I was gifted one single  Gorilla Glue seed that I am wanting to grow next. Was also given two "Three In The Pink" I am thinking of growing.
I do hope that I manage to get some good yield with my "Bagweed" seeds for my 1st, fingers crossed.


----------



## stepheneking (Jun 4, 2019)

Update guys.
Its now day 34 into my grow and they are very happy and healthy plants. I am interested in seeing them flower, I am so close to the switch and do need to think about getting another wave going in my other box. I am also waiting on the move before starting. I may start germinating my Gorilla Glue and my Three in the Pink seeds. I am excited that I have made it to this point of the grow with pretty good success, knock on wood, *thanks to my Friends here! Thanks again everyone! Your input, advice, and suggestions has taken me a long way.*
I will also need to start cramming in my finishing touches on the tent so I am ready for the flower at least bare minimum, my zipper to completely seal my tent(as of right now I have three magnets that are attached to the flap that help hold it closed) and ventilation. With the move its going to make my $$, kinda short(donations will be accepted) but shit, I have gotten this far with a smile on my face!
All in though, I just can't wait. This sure is exciting and will/has been a great rewarding experience. I can't wait to become a established grower with quite a few grows under my belt!

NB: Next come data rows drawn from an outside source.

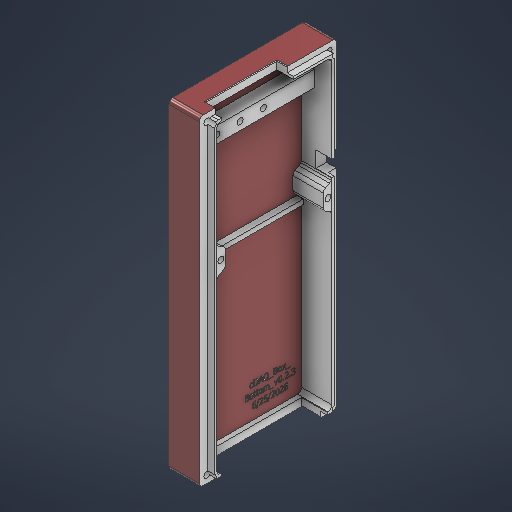
# Autodesk Inventor part: cDAQ_Box_Bottom_v0.2.3
Saved by Autodesk Inventor 2027 (Build 310192000, 192)
## iProperties
Created: 2026-05-08
Part Number: cDAQ_Box_Bottom_v0.2.3
Material: Generic
Document SubType Name: Modeling
Designer: giese
Density: 1 g/cm^3
Appearance: Default
Author: giese
Autodesk Inventor part; units mm, degrees
(part 1 of 2)
ref_plane "YZ Plane" through (0, 0, 0) normal (1, 0, 0) x (0, 1, 0)
ref_plane "XZ Plane" through (0, 0, 0) normal (0, 1, 0) x (-1, 0, 0)
ref_plane "XY Plane" through (0, 0, 0) normal (0, 0, 1) x (1, 0, 0)
sketch "Sketch1" plane through (0, 0, 0) normal (1, 0, 0) x (0, 1, 0)
  line L0 (37.5698, 60.7867) -> (-217.4462, 60.7867)
  line L1 (-217.4462, 60.7867) -> (-217.4462, -48.4333)
  line L2 (-217.4462, -48.4333) -> (37.5698, -48.4333)
  line L3 (37.5698, -48.4333) -> (37.5698, 60.7867)
  point P0 (0, 0)
  dimension "d0" = 109.22
  dimension "d1" = 255.016
  constraints: 8 end point, 2 parallel, 1 horizontal, 1 perpendicular
  measures "d0" distance of L2.end L0.start
  measures "d1" distance of L1.end L2.end
extrude "Extrusion1" add sketch "Sketch1" along normal blind 24.13
sketch "Sketch2" plane through (24.13, 0, 0) normal (1, 0, 0) x (0, 0, -1)
  line L0 (39.5433, 31.2198) -> (-51.8967, 31.2198)
  line L1 (-51.8967, 31.2198) -> (-51.8967, -211.0962)
  line L2 (-51.8967, -211.0962) -> (39.5433, -211.0962)
  line L3 (39.5433, -211.0962) -> (39.5433, 31.2198)
  line L4 (48.4333, 37.5698) -> (-60.7867, 37.5698) projected
  line L5 (-60.7867, 37.5698) -> (-60.7867, -217.4462) projected
  line L6 (-60.7867, -217.4462) -> (48.4333, -217.4462) projected
  line L7 (48.4333, -217.4462) -> (48.4333, 37.5698) projected
  point P0 (0, 0)
  dimension "d4" = 242.316
  dimension "d5" = 91.44
  dimension "d8" = 6.35
  dimension "d21" = 8.89
  dimension "d690" = 6.35
  dimension "d842" = 8.89
  constraints: 8 end point, 2 parallel, 1 horizontal, 1 perpendicular
  measures "d4" distance of L2.end L0.start
  measures "d5" distance of L0.start L0.end
  measures "d8" distance between parallel lines of L0 L4
  measures "d21" distance between parallel lines of L5 L1
  measures "d690" distance between parallel lines of L6 L2
  measures "d842" distance between parallel lines of L7 L3
extrude "Extrusion2" cut sketch "Sketch2" against normal blind 19.05 contours L3 L2 L1 L0
sketch "Sketch3" plane through (0, 0, 0) normal (-1, 0, 0) x (0, 0, 1)
  circle A0 centre (0.9291, 9.6298) radius 2.4005
  circle A1 centre (19.4279, 9.6298) radius 2.4005
  circle A2 centre (37.9267, 9.6298) radius 2.4005
  line L0 (-48.4333, -217.4462) -> (-48.4333, 37.5698) projected
  line L1 (-48.4333, 37.5698) -> (60.7867, 37.5698) projected
  line L2 (60.7867, 37.5698) -> (60.7867, -217.4462) projected
  line L3 (51.8967, 31.2198) -> (-39.5433, 31.2198) projected
  point P0 (0, 0)
  point P1 (-0.896, -23.7433)
  point P2 (-45.1848, 27.0137)
  dimension "d9" = 18.4988
  dimension "d10" = 4.801
  dimension "d11" = 4.801
  dimension "d12" = 18.4988
  dimension "d13" = 36.9976
  dimension "d18" = 22.86
  dimension "d22" = 4.801
  dimension "d58" = 27.94
  constraints: 3 centre point
  measures "d9" distance of A0.centre A1.centre
  measures "d10" diameter of A1
  measures "d11" diameter of A2
  measures "d12" distance of A1.centre A2.centre
  measures "d13" distance of A0.centre A2.centre
  measures "d18" distance from line of L2 A2.centre
  measures "d22" diameter of A0
  measures "d58" distance from line of L1 A2.centre
extrude "Extrusion3" cut sketch "Sketch3" against normal blind 5.08
sketch "Sketch5" plane through (0, -217.4462, -48.4333) normal (0, 0, -1) x (-1, 0, 0)
  line L0 (-27.2034, 165.862) -> (-16.51, 165.862)
  line L1 (-16.51, 165.862) -> (-16.51, 178.562)
  line L2 (-16.51, 178.562) -> (-27.2034, 178.562)
  line L3 (-27.2034, 178.562) -> (-27.2034, 165.862)
  line L4 (0, 255.016) -> (-24.13, 255.016) projected
  line L5 (0, 0) -> (0, 255.016) projected
  line L6 (-24.13, 0) -> (-24.13, 255.016) projected
  line L7 (0, 0) -> (-24.13, 0) projected
  point P0 (0, 217.4462)
  point P1 (-21.8567, 178.562)
  point P2 (-21.8567, 165.862)
  dimension "d28" = 10.6934
  dimension "d30" = 12.7
  dimension "d31" = 16.51
  dimension "d215" = 3.0734
  dimension "d1133" = 165.862
  constraints: 8 end point, 2 midpoint, 2 parallel, 1 horizontal, 1 perpendicular
  measures "d28" distance between parallel lines of L1 L3
  measures "d30" distance of point (-21.857, 178.562) point (-21.857, 165.862)
  measures "d31" distance between parallel lines of L5 L1
  measures "d215" distance between parallel lines of L6 L3
  measures "d1133" distance between parallel lines of L7 L0
extrude "Extrusion4" cut sketch "Sketch5" against normal blind 24.13 contours L3 L2 L6 L0 | L6 L2 L1 L0
sketch "Sketch6" plane through (0, -217.4462, -48.4333) normal (0, -1, 0) x (1, 0, 0)
  line L0 (24.08, 55.136) -> (16.08, 55.136)
  line L1 (16.08, 45.136) -> (24.08, 45.136)
  line L2 (0, 109.22) -> (0, 0) projected
  line L3 (29.63, 53.1359) -> (29.63, 47.136)
  line L4 (24.08, 55.136) -> (29.63, 53.1359)
  line L5 (29.63, 47.136) -> (24.08, 45.136)
  line L6 (0, 0) -> (24.13, 0) projected
  line L7 (24.13, 100.33) -> (24.13, 8.89) projected
  line L8 (24.13, 41.9134) -> (24.13, 37.4697)
  line L9 (16.08, 55.136) -> (8.636, 55.136)
  line L10 (8.636, 55.136) -> (8.636, 45.136)
  line L11 (8.636, 45.136) -> (21.16, 45.136)
  point P0 (0, 48.4333)
  point P1 (20.08, 55.136)
  point P2 (20.08, 45.136)
  point P3 (16.08, 50.136)
  dimension "d39" = 6
  dimension "d48" = 55.136
  dimension "d221" = 0
  dimension "d223" = 2
  dimension "d224" = 2
  dimension "d225" = 5.5
  dimension "d227" = 5.55
  dimension "d672" = 8.636
  constraints: 18 end point, 2 horizontal, 2 midpoint, 2 parallel, 2 point on line, 1 perpendicular, 1 vertical
  measures "d39" distance of L3.start L3.end
  measures "d48" distance between parallel lines of L6 L0
  measures "d221" horizontal distance of L0.start L1.end
  measures "d223" vertical distance of L3.end L1.end
  measures "d224" vertical distance of L0.start L3.start
  measures "d225" distance between parallel lines of L3 L7
  measures "d227" distance from line of L1.end L3
  measures "d672" distance between parallel lines of L2 L10
extrude "Extrusion5" [suppressed]
sketch "Sketch7" plane through (0, 37.5698, 60.7867) normal (0, 1, 0) x (1, 0, 0)
  line L0 (31.0134, 69.85) -> (16.002, 69.85)
  line L1 (16.002, 69.85) -> (16.002, 12.7)
  line L2 (16.002, 12.7) -> (31.0134, 12.7)
  line L3 (31.0134, 12.7) -> (31.0134, 69.85)
  line L4 (0, 0) -> (24.13, 0) projected
  line L5 (0, 109.22) -> (0, 0) projected
  line L6 (24.13, 109.22) -> (24.13, 0) projected
  point P0 (0, 60.7867)
  point P1 (24.13, 69.85)
  point P2 (24.13, 12.7)
  dimension "d52" = 12.7
  dimension "d55" = 16.002
  dimension "d56" = 15.0114
  dimension "d57" = 6.8834
  dimension "d1195" = 69.85
  constraints: 8 end point, 2 parallel, 1 horizontal, 1 perpendicular
  measures "d52" distance between parallel lines of L4 L2
  measures "d55" distance between parallel lines of L5 L1
  measures "d56" distance between parallel lines of L3 L1
  measures "d57" distance between parallel lines of L6 L3
  measures "d1195" distance between parallel lines of L4 L0
extrude "Extrusion6" cut sketch "Sketch7" against normal blind 7.62
fillet "Fillet1" radius 3.175 4 edges at (12.065, 37.5698, -48.4333) (12.065, 37.5698, 60.7867) (12.065, -217.4462, -48.4333) (12.065, -217.4462, 60.7867)
sketch "Sketch8" plane through (0, 0, 0) normal (-1, 0, 0) x (0, 0, 1)
  line L0 (-0.8425, 6.0992) -> (2.6881, 6.0992)
  line L1 (-0.8425, 13.1604) -> (2.6881, 13.1604)
  line L2 (-0.8425, 6.0992) -> (-2.8809, 9.6298)
  line L3 (-0.8425, 13.1604) -> (-2.8809, 9.6298)
  line L4 (2.6881, 6.0992) -> (4.7264, 9.6298)
  line L5 (2.6881, 13.1604) -> (4.7264, 9.6298)
  circle A0 centre (0.9291, 9.6298) radius 2.4005 projected
  line L6 (17.6563, 6.0992) -> (21.1869, 6.0992)
  line L7 (17.6563, 13.1604) -> (21.1869, 13.1604)
  line L8 (17.6563, 6.0992) -> (15.6179, 9.6298)
  line L9 (17.6563, 13.1604) -> (15.6179, 9.6298)
  line L10 (21.1869, 6.0992) -> (23.2253, 9.6298)
  line L11 (21.1869, 13.1604) -> (23.2253, 9.6298)
  circle A1 centre (19.4279, 9.6298) radius 2.4005 projected
  line L12 (36.1551, 6.0992) -> (34.1167, 9.6298)
  line L13 (36.1551, 13.1604) -> (34.1167, 9.6298)
  line L14 (36.1551, 6.0992) -> (39.6857, 6.0992)
  line L15 (36.1551, 13.1604) -> (39.6857, 13.1604)
  line L16 (39.6857, 6.0992) -> (41.7241, 9.6298)
  line L17 (39.6857, 13.1604) -> (41.7241, 9.6298)
  circle A2 centre (37.9267, 9.6298) radius 2.4005 projected
  point P0 (0.9228, 6.0992)
  point P1 (19.4216, 6.0992)
  point P2 (37.9204, 6.0992)
  point P3 (-2.8809, 9.6298)
  point P4 (4.7264, 9.6298)
  point P5 (23.2253, 9.6298)
  point P6 (15.6179, 9.6298)
  point P7 (41.7241, 9.6298)
  point P8 (34.1167, 9.6298)
  dimension "d60" = 7.0612
  dimension "d61" = 120
  dimension "d62" = 120
  dimension "d63" = 120
  dimension "d64" = 120
  dimension "d65" = 3.5306
  dimension "d66" = 3.5306
  dimension "d67" = 3.5306
  dimension "d68" = 3.5306
  dimension "d69" = 3.5306
  dimension "d70" = 3.5306
  dimension "d71" = 0
  dimension "d72" = 7.6074
  dimension "d73" = 3.81
  dimension "d74" = 0
  dimension "d75" = 7.0612
  dimension "d76" = 120
  dimension "d77" = 120
  dimension "d78" = 120
  dimension "d79" = 120
  dimension "d80" = 3.5306
  dimension "d81" = 3.5306
  dimension "d82" = 3.5306
  dimension "d83" = 3.5306
  dimension "d84" = 3.5306
  dimension "d85" = 3.5306
  dimension "d86" = 0
  dimension "d87" = 7.6074
  dimension "d91" = 0
  dimension "d92" = 3.81
  dimension "d93" = 7.0612
  dimension "d94" = 120
  dimension "d95" = 120
  dimension "d96" = 120
  dimension "d97" = 120
  dimension "d98" = 3.5306
  dimension "d99" = 3.5306
  dimension "d100" = 3.5306
  dimension "d101" = 3.5306
  dimension "d102" = 3.5306
  dimension "d103" = 3.5306
  dimension "d104" = 0
  dimension "d105" = 7.6074
  dimension "d108" = 0
  dimension "d109" = 3.81
  constraints: 36 end point, 6 horizontal, 3 midpoint
  measures "d60" distance from line of point (0.923, 6.099) L1
  measures "d61" angle of L0 L2
  measures "d62" angle of L1 L3
  measures "d63" angle of L4 L0
  measures "d64" angle of L5 L1
  measures "d65" distance of L0.start L0.end
  measures "d66" distance of L1.start L1.end
  measures "d67" vertical distance of L1.start L3.end
  measures "d68" vertical distance of L0.start L2.end
  measures "d69" vertical distance of L1.end L5.end
  measures "d70" vertical distance of L0.end L4.end
  measures "d71" horizontal distance of L0.start L1.start
  measures "d72" distance of L4.end L2.end
  measures "d73" distance of A0.centre L2.end
  measures "d74" vertical distance of A0.centre L4.end
  measures "d75" distance from line of point (19.422, 6.099) L7
  measures "d76" angle of L6 L8
  measures "d77" angle of L7 L9
  measures "d78" angle of L10 L6
  measures "d79" angle of L11 L7
  measures "d80" distance of L8.start L6.end
  measures "d81" distance of L9.start L7.end
  measures "d82" vertical distance of L9.start L9.end
  measures "d83" vertical distance of L8.start L8.end
  measures "d84" vertical distance of L7.end L11.end
  measures "d85" vertical distance of L6.end L10.end
  measures "d86" horizontal distance of L8.start L9.start
  measures "d87" distance of L10.end L8.end
  measures "d91" vertical distance of A1.centre L8.end
  measures "d92" distance of A1.centre L8.end
  measures "d93" distance from line of point (37.92, 6.099) L15
  measures "d94" angle of L14 L12
  measures "d95" angle of L15 L13
  measures "d96" angle of L16 L14
  measures "d97" angle of L17 L15
  measures "d98" distance of L12.start L16.start
  measures "d99" distance of L15.start L15.end
  measures "d100" vertical distance of L15.start L13.end
  measures "d101" vertical distance of L12.start L12.end
  measures "d102" vertical distance of L15.end L17.end
  measures "d103" vertical distance of L16.start L16.end
  measures "d104" horizontal distance of L12.start L15.start
  measures "d105" distance of L16.end L12.end
  measures "d108" vertical distance of A2.centre L12.end
  measures "d109" distance of A2.centre L12.end
extrude "Extrusion7" cut sketch "Sketch8" against normal blind 5 contours L2 L3 L1 L5 L4 L0 | A0 | L8 L9 L7 L11 L10 L6 | A1 | L12 L13 L15 L17 L16 L14 | A2
sketch "Sketch9" plane through (5.08, 0, 0) normal (1, 0, 0) x (0, 0, -1)
  arc A0 (22.2689, -180.8044) -> (16.8127, -180.8044) centre (19.5408, -178.3302) ccw
  line L0 (45.2583, 37.5698) -> (9.0633, 37.5698) projected
  line L1 (39.5433, 31.2198) -> (39.5433, -38.8842) projected
  arc A1 (17.6358, -185.9502) -> (21.4458, -185.9502) centre (19.5408, -185.9502) ccw
  line L2 (21.4458, -185.9502) -> (21.4458, -182.9374)
  line L3 (17.6358, -185.9502) -> (17.6358, -182.9374)
  arc A2 (22.2689, -180.8044) -> (21.4458, -182.9374) centre (24.6208, -182.9374) ccw
  arc A3 (17.6358, -182.9374) -> (16.8127, -180.8044) centre (14.4608, -182.9374) ccw
  arc A4 (-28.5311, -180.8044) -> (-33.9873, -180.8045) centre (-31.2592, -178.3302) ccw
  arc A5 (-33.1642, -185.9366) -> (-29.3542, -185.9502) centre (-31.2592, -185.9502) ccw
  line L4 (-29.3542, -185.9502) -> (-29.3542, -182.9374)
  line L5 (-33.1642, -185.9366) -> (-33.1642, -182.9374)
  arc A6 (-28.5311, -180.8044) -> (-29.3542, -182.9374) centre (-26.1792, -182.9374) ccw
  arc A7 (-33.1642, -182.9374) -> (-33.9873, -180.8045) centre (-36.3392, -182.9374) ccw
  line L6 (-48.0867, 37.5698) -> (-57.6117, 37.5698) projected
  line L7 (-51.8967, -211.0962) -> (-51.8967, 31.2198) projected
  point P0 (0, 0)
  point P1 (39.5433, -211.0962)
  point P2 (21.4458, -181.4823)
  point P3 (17.6358, -181.4823)
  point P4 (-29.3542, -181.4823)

Also, I still need to top the plants, I plan on doing this tomorrow I think.....thoughts anyone!?
Day 34....


----------



## stepheneking (Jun 20, 2019)

Hey guys. Whew what a past couple of weeks. Got moved and almost have everything settled. I have a lot of work to do to get the tent complete. Vents can now be hooked up.

I did start flowering, 12/12 and am on day three. I can say I'm happy to say I'm pretty sure four outa the 6 are female. I'll get some pics did you can help me determine

I'll try and get some by this weekend. Once I am completely settled I'll get back to my daily post.


----------



## The Hemp Goddess (Jun 20, 2019)

Congrats on getting moved.  I hate moving so much (I would rather clean porta-potties).  Hope I never have to move again.

It is highly doubtful that your plants would be showing sex after only 3 days in flowering.  So, continue to keep an eye on them and keep them as stress-free as possible.


----------



## stepheneking (Jun 20, 2019)

The Hemp Goddess said:


> Congrats on getting moved.  I hate moving so much (I would rather clean porta-potties).  Hope I never have to move again.
> 
> It is highly doubtful that your plants would be showing sex after only 3 days in flowering.  So, continue to keep an eye on them and keep them as stress-free as possible.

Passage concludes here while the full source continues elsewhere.